The line that holds "Data Store Read : DataStoreRead" marks the start. Return it and each following line through the end of the data, unchanged.
□ □ □ □ □
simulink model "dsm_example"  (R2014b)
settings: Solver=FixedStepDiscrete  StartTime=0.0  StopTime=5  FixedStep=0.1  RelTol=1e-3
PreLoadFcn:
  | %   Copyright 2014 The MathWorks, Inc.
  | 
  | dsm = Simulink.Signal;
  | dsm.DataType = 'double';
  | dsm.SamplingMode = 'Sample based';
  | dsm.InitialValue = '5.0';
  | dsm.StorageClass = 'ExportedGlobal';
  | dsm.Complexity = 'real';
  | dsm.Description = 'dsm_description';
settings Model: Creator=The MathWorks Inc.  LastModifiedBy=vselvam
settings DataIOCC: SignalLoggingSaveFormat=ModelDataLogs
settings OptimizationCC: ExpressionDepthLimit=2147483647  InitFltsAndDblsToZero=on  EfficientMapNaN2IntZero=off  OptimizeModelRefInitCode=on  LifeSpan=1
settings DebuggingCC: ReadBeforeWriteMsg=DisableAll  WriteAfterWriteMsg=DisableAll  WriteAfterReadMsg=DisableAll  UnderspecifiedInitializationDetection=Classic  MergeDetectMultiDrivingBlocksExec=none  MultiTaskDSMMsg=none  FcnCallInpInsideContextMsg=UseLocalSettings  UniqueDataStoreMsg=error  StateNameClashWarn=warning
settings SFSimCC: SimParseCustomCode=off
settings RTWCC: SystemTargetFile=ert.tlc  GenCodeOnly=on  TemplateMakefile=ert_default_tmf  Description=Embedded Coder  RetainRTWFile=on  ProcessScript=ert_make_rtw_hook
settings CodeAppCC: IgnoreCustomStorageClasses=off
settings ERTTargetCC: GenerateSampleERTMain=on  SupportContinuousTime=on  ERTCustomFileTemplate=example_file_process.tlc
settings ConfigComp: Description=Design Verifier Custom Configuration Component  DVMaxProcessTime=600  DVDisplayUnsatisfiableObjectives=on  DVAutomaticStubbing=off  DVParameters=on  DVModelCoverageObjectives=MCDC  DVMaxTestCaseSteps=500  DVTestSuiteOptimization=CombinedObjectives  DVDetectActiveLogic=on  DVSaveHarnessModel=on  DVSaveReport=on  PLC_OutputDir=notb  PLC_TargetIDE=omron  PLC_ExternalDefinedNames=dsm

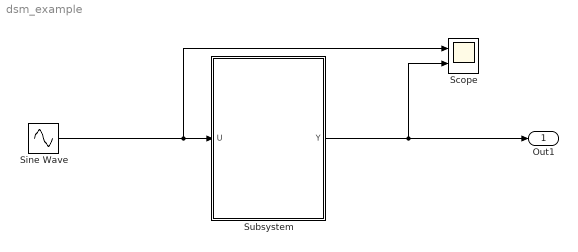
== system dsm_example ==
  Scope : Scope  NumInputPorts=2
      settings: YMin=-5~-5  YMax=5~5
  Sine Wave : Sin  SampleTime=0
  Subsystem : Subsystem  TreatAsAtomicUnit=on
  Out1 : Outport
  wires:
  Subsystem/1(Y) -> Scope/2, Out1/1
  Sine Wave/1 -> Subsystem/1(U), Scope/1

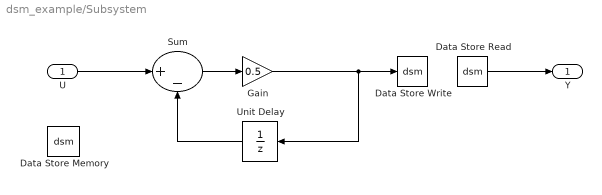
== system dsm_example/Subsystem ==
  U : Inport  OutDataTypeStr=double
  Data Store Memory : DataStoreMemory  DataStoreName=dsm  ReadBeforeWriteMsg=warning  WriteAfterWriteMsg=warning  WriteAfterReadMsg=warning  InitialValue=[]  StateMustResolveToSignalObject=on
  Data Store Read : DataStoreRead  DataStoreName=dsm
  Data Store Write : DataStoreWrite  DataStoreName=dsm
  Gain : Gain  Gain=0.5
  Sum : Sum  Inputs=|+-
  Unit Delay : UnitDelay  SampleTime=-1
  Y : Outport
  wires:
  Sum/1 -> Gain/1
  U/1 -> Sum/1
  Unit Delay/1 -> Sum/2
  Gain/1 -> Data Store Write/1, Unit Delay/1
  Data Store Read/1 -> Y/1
□ □ □ □ □
-- RESPONSE TO THIS TASK --
  Data Store Read : DataStoreRead  DataStoreName=dsm
  Data Store Write : DataStoreWrite  DataStoreName=dsm
  Gain : Gain  Gain=0.5
  Sum : Sum  Inputs=|+-
  Unit Delay : UnitDelay  SampleTime=-1
  Y : Outport
  wires:
  Sum/1 -> Gain/1
  U/1 -> Sum/1
  Unit Delay/1 -> Sum/2
  Gain/1 -> Data Store Write/1, Unit Delay/1
  Data Store Read/1 -> Y/1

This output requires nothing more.